The advantage of having them in a single repository are:
* atomic operations, i.e. you can refactor components and avoid code rot, or apply and API upgrade to all the clients, thus reducing the amount of time you have to maintain backward compatible APIs
* having a single, monotonically increasing, number that describes exactly which bugs or bug fixes your codes has. This simplifies greatly the management of rollouts in case of complex component dependencies.
One more reason to use trunk based development. Or SVN.
People do want some minimum of commit hygiene so that the repo avoids being a mystery vortex. But because distributed VCS lets you hide everything about how you actually work, people are able to get unnecessarily competitive about it.

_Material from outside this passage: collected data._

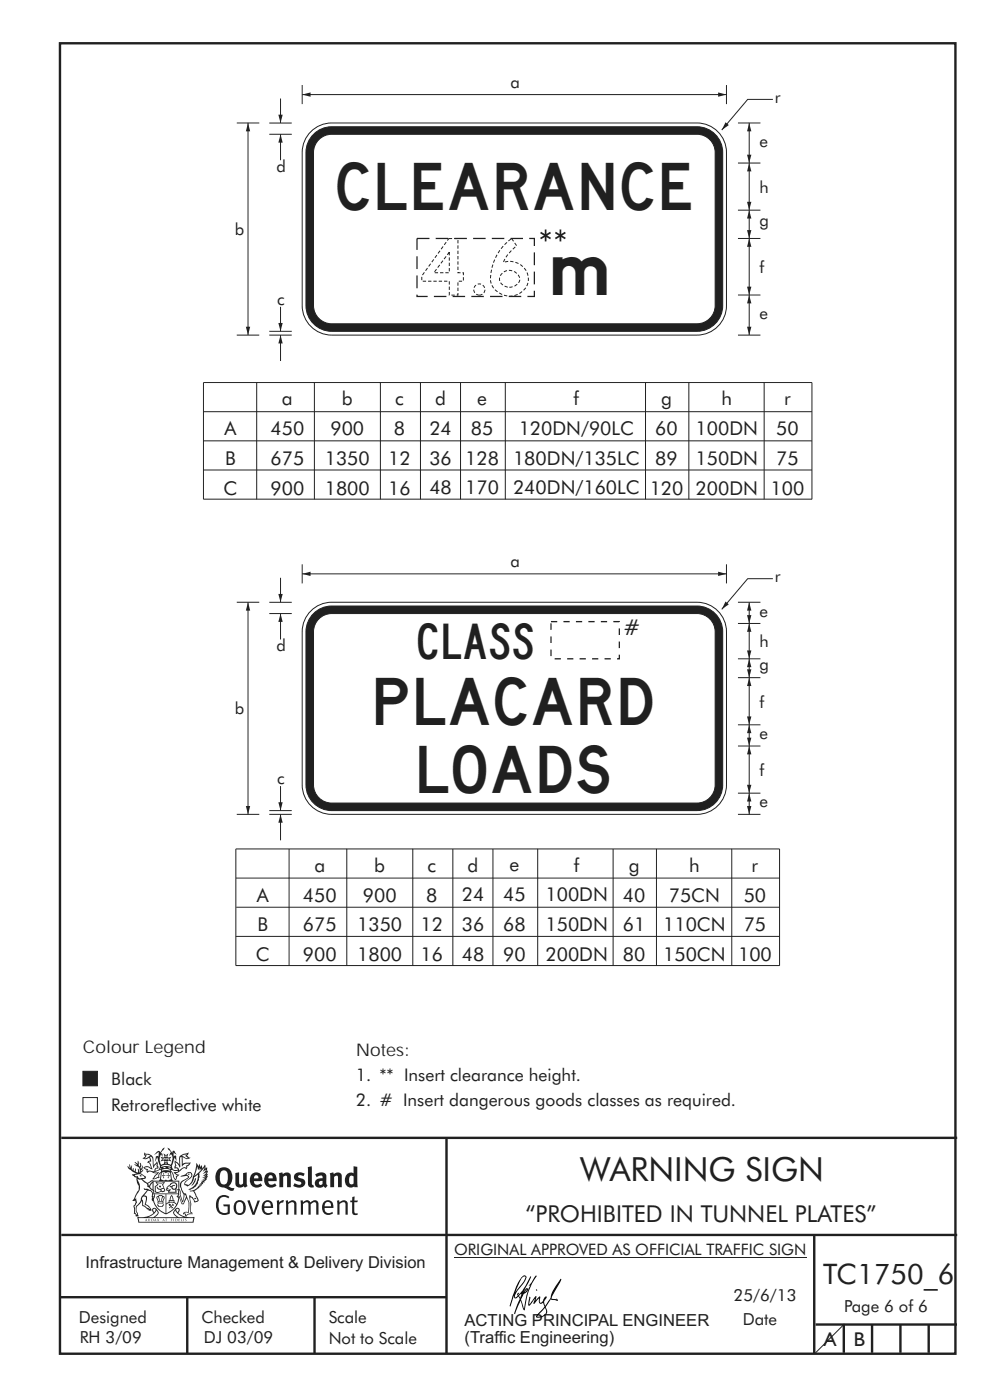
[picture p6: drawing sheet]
<svg xmlns="http://www.w3.org/2000/svg" width="210mm" height="297mm" viewBox="0 0 210 297" stroke-linecap="round" stroke-linejoin="round" font-family="sans-serif">
<g fill="none" stroke="#231f20" stroke-width=".51">
<path d="M12.7 9.2h190v278h-190zM13 241.4h190M94.7 241.4v45.8M12.7 275.2h82M13 262h190M39.7 275.2v12M66.7 275.2v12M172.7 262.2v25M173 281h30M179 281v6M185 281v6M191 281v6"/>
<path d="M197 281v6"/>
</g>
<path d="M96.3 266.7h74.7" fill="none" stroke="#231f20" stroke-width=".21"/>
<path d="M17.6 232.8h3.1v3.1h-3.1z" fill-rule="evenodd" fill="#fff" stroke="#231f20" stroke-width=".21"/>
<path d="M17.6 227.3h3.1v3h-3.1z" fill-rule="evenodd" fill="#231f20" stroke="#231f20" stroke-width=".21"/>
<path d="M156.5 62.6h4.8M156.5 71.1h4.8M158.9 62.6v8.5" fill="none" stroke="#231f20" stroke-width=".21"/>
<g fill="#231f20">
<path d="M158.5 69.3h.9l-.5 1.8z"/>
<path d="M158.9 62.6l.5 1.8h-.9z"/>
</g>
<path d="M64.1 18v4.1M64.1 20.1h90" fill="none" stroke="#231f20" stroke-width=".21"/>
<g fill="#231f20">
<path d="M152.3 19.6l1.8 .5-1.8 .4z"/>
<path d="M64.1 20.1l1.8-.5v.9z"/>
</g>
<path d="M164 21.1h-5.4l-5.5 6.5" fill="none" stroke="#231f20" stroke-width=".21"/>
<path d="M153.9 25.9l.7 .6-1.5 1.1z" fill="#231f20"/>
<path d="M154.1 18v4.1M156.5 26.1h4.8M156.5 34.6h4.8M158.9 26.1v8.5" fill="none" stroke="#231f20" stroke-width=".21"/>
<g fill="#231f20">
<path d="M158.5 32.8h.9l-.5 1.8z"/>
<path d="M158.9 26.1l.5 1.8h-.9z"/>
</g>
<path d="M158.9 50.6v12" fill="none" stroke="#231f20" stroke-width=".21"/>
<g fill="#231f20">
<path d="M158.5 60.8h.9l-.5 1.8z"/>
<path d="M158.9 50.6l.5 1.8h-.9z"/>
</g>
<path d="M156.5 44.6h4.8M156.5 50.6h4.8M158.9 44.6v6" fill="none" stroke="#231f20" stroke-width=".21"/>
<g fill="#231f20">
<path d="M158.5 48.8h.9l-.5 1.8z"/>
<path d="M158.9 44.6l.5 1.8h-.9z"/>
</g>
<path d="M158.9 34.6v10" fill="none" stroke="#231f20" stroke-width=".21"/>
<g fill="#231f20">
<path d="M158.5 42.8h.9l-.5 1.8z"/>
<path d="M158.9 34.6l.5 1.8h-.9z"/>
</g>
<path d="M65.9 27.9a6.2 6.2 0 0 1 4.5-1.8h77.5a6.3 6.3 0 0 1 6.2 6.2v32.5a6.3 6.3 0 0 1-6.2 6.3h-77.5a6.3 6.3 0 0 1-6.3-6.3v-32.5a6.2 6.2 0 0 1 1.8-4.4z" fill-rule="evenodd" fill="#fff" stroke="#231f20" stroke-width=".21"/>
<path d="M66.5 28.5a5.4 5.4 0 0 1 3.9-1.6h77.5a5.5 5.5 0 0 1 5.4 5.4v32.5a5.5 5.5 0 0 1-5.4 5.5h-77.5a5.5 5.5 0 0 1-5.5-5.5v-32.5a5.4 5.4 0 0 1 1.6-3.8z" fill-rule="evenodd" fill="#231f20" stroke="#231f20" stroke-width=".21"/>
<path d="M67.6 29.6a3.8 3.8 0 0 1 2.8-1.1h77.5a3.9 3.9 0 0 1 3.8 3.8v32.5a3.9 3.9 0 0 1-3.8 3.9h-77.5a3.9 3.9 0 0 1-3.9-3.9v-32.5a3.8 3.8 0 0 1 1.1-2.7z" fill-rule="evenodd" fill="#fff" stroke="#231f20" stroke-width=".21"/>
<path d="M88.5 50.6h24.9v12.3h-24.9z" fill="none" stroke="#231f20" stroke-width=".27" stroke-dasharray="2.7 1.3" stroke-linecap="butt"/>
<g fill="#231f20">
<path d="M114.8 49.2l.8 .4v-.9h.3v.9l.8-.4 .2 .3-.8 .5 .8 .4-.2 .4-.8-.5v.9h-.3v-.9l-.8 .5-.2-.4 .8-.4-.8-.5z"/>
<path d="M117.9 49.2l.8 .4v-.9h.4v.9l.7-.4 .2 .3-.8 .5 .8 .4-.2 .4-.7-.5v.9h-.4v-.9l-.8 .5-.2-.4 .8-.4-.8-.5z"/>
</g>
<path d="M50.2 26.1h4.8M52.6 26.1v45" fill="none" stroke="#231f20" stroke-width=".21"/>
<g fill="#231f20">
<path d="M52.2 69.3h.9l-.5 1.8z"/>
<path d="M52.6 26.1l.5 1.8h-.9z"/>
</g>
<path d="M50.2 71.1h4.8M57.1 70.3h4.8M59.5 71.1v5.5" fill="none" stroke="#231f20" stroke-width=".21"/>
<path d="M59.5 71.1l.5 1.8h-1z" fill="#231f20"/>
<path d="M57.1 71.1h4.8M59.5 65.1v5.2" fill="none" stroke="#231f20" stroke-width=".21"/>
<path d="M59 68.5h1l-.5 1.8z" fill="#231f20"/>
<path d="M57.1 26.1h4.8M59.5 28.5v5.5" fill="none" stroke="#231f20" stroke-width=".21"/>
<path d="M59.5 28.5l.5 1.8h-1z" fill="#231f20"/>
<path d="M57.1 28.5h4.8M59.5 20.9v5.2" fill="none" stroke="#231f20" stroke-width=".21"/>
<path d="M59 24.3h1l-.5 1.8z" fill="#231f20"/>
<g fill="none" stroke="#231f20" stroke-width=".21">
<path d="M43.2 99.7h129M43.2 87.3h129M43.2 93.5h129M54.4 81.2v24.7M66.7 81.2v24.7M80.7 81.2v24.7M89.2 81.2v24.7M97.7 81.2v24.7M107.2 81.2v24.7M136.9 81.2v24.7M146.1 81.2v24.7M162.1 81.2v24.7"/>
<path d="M172.2 105.9h-129v-24.7h129v24.7M156.5 172.8h4.8M158.9 168.3v4.5"/>
</g>
<g fill="#231f20">
<path d="M158.5 171h.9l-.5 1.8z"/>
<path d="M158.9 168.3l.5 1.7h-.9z"/>
</g>
<path d="M64.1 119.7v4.1M64.1 121.7h90" fill="none" stroke="#231f20" stroke-width=".21"/>
<g fill="#231f20">
<path d="M152.3 121.3l1.8 .4-1.8 .5z"/>
<path d="M64.1 121.7l1.8-.4v.9z"/>
</g>
<path d="M164 122.8h-5.4l-5.5 6.5" fill="none" stroke="#231f20" stroke-width=".21"/>
<path d="M153.9 127.6l.7 .6-1.5 1.1z" fill="#231f20"/>
<path d="M154.1 119.7v4.1M156.5 158.3h4.8M158.9 153.8v4.5M156.5 168.3h4.8" fill="none" stroke="#231f20" stroke-width=".21"/>
<g fill="#231f20">
<path d="M158.5 156.5h.9l-.5 1.8z"/>
<path d="M158.9 153.8l.5 1.7h-.9z"/>
</g>
<path d="M158.9 158.3v10" fill="none" stroke="#231f20" stroke-width=".21"/>
<g fill="#231f20">
<path d="M158.5 166.5h.9l-.5 1.8z"/>
<path d="M158.9 158.3l.5 1.7h-.9z"/>
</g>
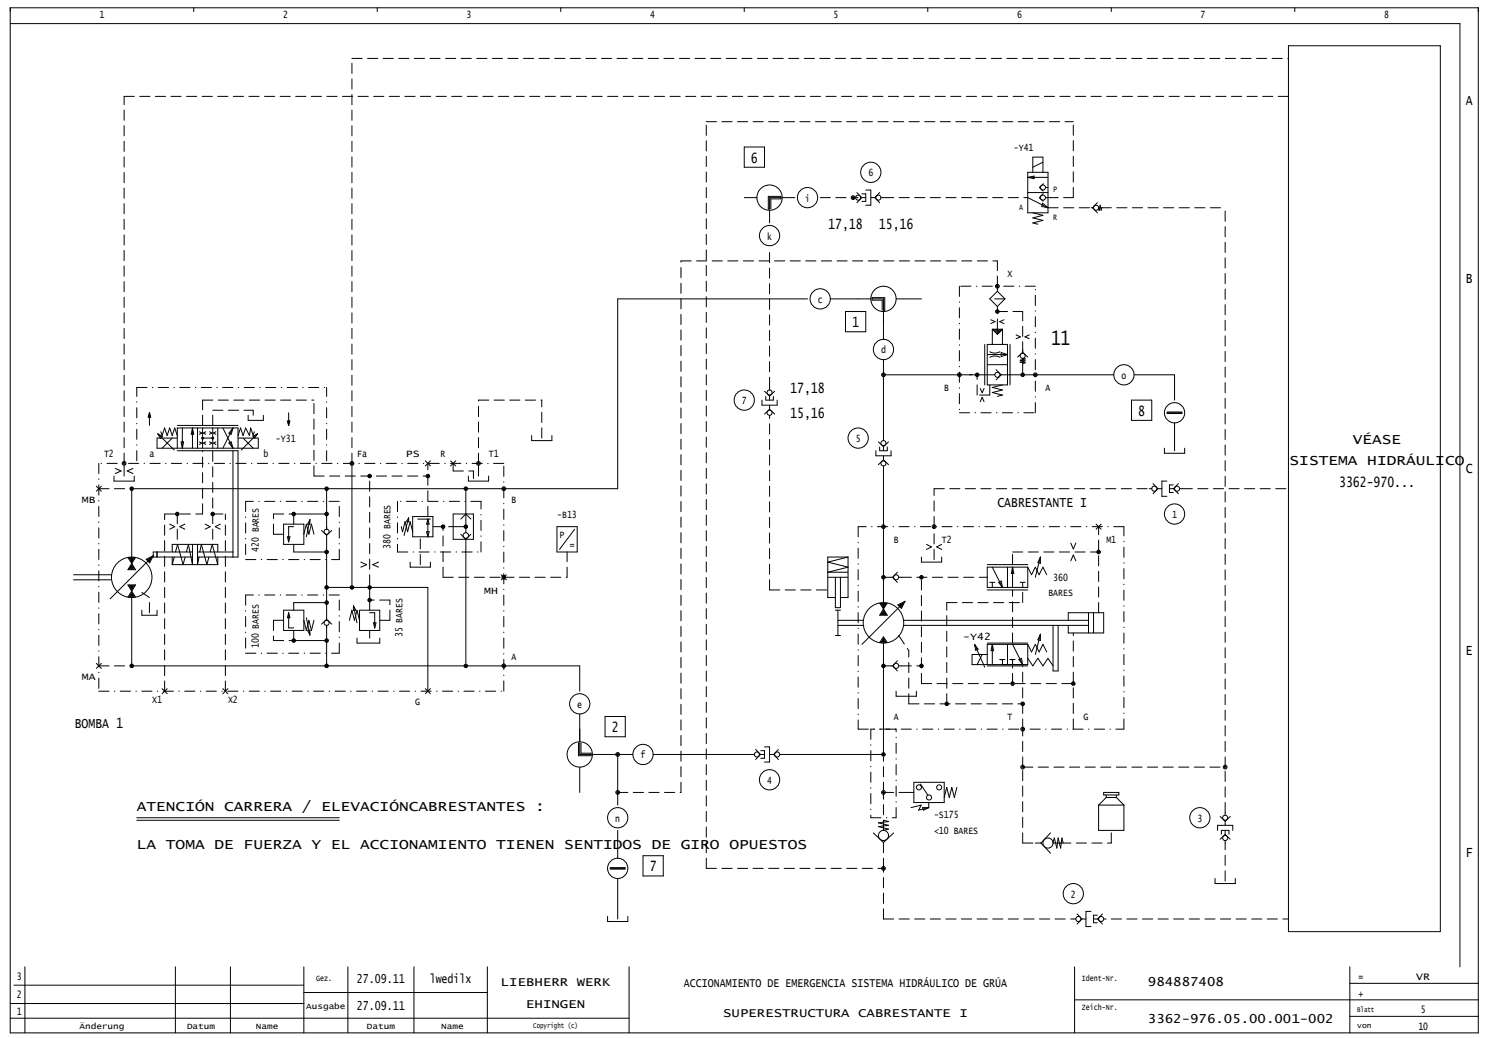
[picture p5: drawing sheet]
<svg xmlns="http://www.w3.org/2000/svg" width="582mm" height="406mm" viewBox="0 0 582 406" stroke-linecap="round" stroke-linejoin="round" font-family="sans-serif">
<g fill="none" stroke="#000" stroke-width=".39">
<path d="M4 3h574.2v401h-574.2zM4 9.2h567v369M75.8 3v1.5M147.6 3v1.5M219.3 3v1.5M291.1 3v1.5M362.9 3v1.5M434.6 3v1.5M503.9 17.9h59.4v346.5h-59.4zM506.4 3v1.5M291.1 57.5h7.9v7.9h-7.9zM291.1 77.3h5"/>
<path d="M305.5 77.3h-4.5v4.5h-.5v-5h5v1h-4v4M305.9 77.3h5M333.7 77.3h1M335.2 75.3l1.8 2-1.8 2M336.6 77.3h2M337.1 75.8h1.5v3h-1.5M338.6 74.3h2v6h-2M340.6 77.3h1.6M342.2 77.3l1.9 2M344.1 75.3l-1.9 2M344.6 77.3h.9M402 67.4h7.9v15.8h-7.9z"/>
<path d="M402 69.4h7.9M402 69.4l2.5-.5v1zM402 75.3h7.9M402 77.3l7.9 4M404 67.4v-5.9h3.9v5.9M406.5 77.4l1.5 1.3M407.8 79.5l2.1 1.8-2.5-.5zM407.9 63.4l-3.9 2M408 75.7l-1.5 1.6M408.1 71.9l-1.6 1.4 1.5 1.4M408.9 73.3h1M429.2 79.3l-1.9 2"/>
<path d="M301 82.2v5M404 83.2l3.9 1-3.9 1 3.9 1-3.9 1 1.9 .5M426.7 81.3h.6M427.3 81.3l1.9 1.9M429.7 81.3l.2 .9 .4-1.9 .4 1.9 .2-.9M315.8 116.9h-74.2v74.2h-190.1v29.3M324.8 116.9h15.8M341.1 116.9h4.4v4.5h.5v-5h-4.9v1h4v4M350.5 116.9h9.9M387.1 116.9l3-3 3 3-3 3zM330.7 121.8h7.9v8h-7.9zM345.5 121.8v10.9"/>
<path d="M385.2 134.7v15.9M386.1 134.7h8v15.9h-8zM386.1 138.7h8M387.1 137.6l2.3 .5 1.7-.5M387.1 139.8l2.3-.6 1.7 .6M387.5 125.1l1.7 .7-1.7 .8M388.1 128.8v5.9M388.1 128.8h4M388.1 128.8l2 2 2-2M388.5 128.8l1.6 1.5 1.5-1.5M389.2 128.9l.9 .8M389.6 128.8l.5 .4"/>
<path d="M390.4 128.8l-.3 .5M391 128.9l-.9 .9M391.6 137.9l2.5 .8-2.5 .8zM392.1 128.8v5.9M392.7 125.1l-1.7 .7 1.7 .8M395.1 134.7v15.9M397.4 131l1.7 .7-1.7 .8M400 136.7v1.1M400 137.8l-2 1.9M400 137.8l2 1.9M402.6 131l-1.7 .7 1.7 .8M298 156.5v2h6v-2"/>
<path d="M299 153l2 1.9 2-1.9M299.5 155v1.5h3v-1.5M301 151.5v1M301 154.5v2M301 158.5v1.6M345.5 140.7v31.6M345.5 146.6h43.6M383.4 151.9l.8 1.7 .7-1.7M383.4 157.1l.8-1.7 .7 1.7M386.1 142.6h8M389.6 144.6l2 2M391.6 146.6h44"/>
<path d="M391.6 146.6l-2 2M392.1 150.6l-4 .9 4 1-4 1 4 1-2 .5M400 142.1l1-.2-2-.3 2-.4-2-.3 2-.5-1-.2v2.4M442.6 156.5h7.9v7.9h-7.9zM443.6 146.6h15.8v9.9M58.4 161.4v5M58.4 161.4l.3 1.7h-.6l.3-1.1 .1 .9h-.2l.1-.5M58.4 161.4l.5 1.8h-.9zM61.7 169.7l6.5 6.3M61.7 169.7l1.8 1.1-.8 .6zM62.9 168.9l.5 1.5 1-3 1 3 1-3 1 3 .9-3 1 3M67.4 171.3l-4 4"/>
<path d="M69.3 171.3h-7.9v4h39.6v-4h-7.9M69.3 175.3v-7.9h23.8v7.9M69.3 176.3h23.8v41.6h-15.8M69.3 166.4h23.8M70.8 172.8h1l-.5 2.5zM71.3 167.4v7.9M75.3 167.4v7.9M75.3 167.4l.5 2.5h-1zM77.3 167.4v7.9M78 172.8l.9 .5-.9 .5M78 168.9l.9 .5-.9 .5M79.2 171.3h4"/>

I see this a lot in public timelines:
Commit A - splendid new feature
Commit B - oops, missed a semicolon
Commit C - typo
Commit D - addressing code review
Commit E - typo
Rebasing that to a single commit takes little effort or time, and makes the timeline clear. On top of that, if you are using a code review tool which persists changes you may already have history of commit C which is probably the only other relevant commit you'd care to be able to find in the future.
Like, instead of collapsing A-E into a single commit, A should be marked as the start of project/feature/milestone/whatever Foo, and E as the completion of it, and A-E shown as a single object when viewing the history but allowing the user to drill-down to expose the internal commits.
Destroying information is never good.
You can get some of the way there now by making use of tags or branch labels or something.
At one point, i wrote a Mercurial hook that would sit in the central repository add a tag every time someone pushed. Then, only tagged commits would be considered first-class parts of history. There are numerous problems with this, not least that none of the existing tooling is aware of this convention. The fact that Mercurial tags live in commits, which pushers then have to immediately pull, was also very awkward.
You can use branches in a similar way: do all the intermediate, historical-footnote, commits in a development branch, and merge into a master branch to publish them. Then only consider commits in the master branch to be first-class. This is roughly Git Flow, isn't it? Again, the tooling doesn't quite do everything you'd want it to around this.
At least when I was there, the first sentence was true for Facebook. There was/is a separate repo for Thrift services (largely C++, but also Java, Python, and more), each Thrift service is a deployable. The deployables could be pushed at separate times and were usually pushed by teams themselves on their own schedules. The process was still frictionless and trunk-based: only difference was having to type a few well documented commands to push the service yourself. This may changed since, however.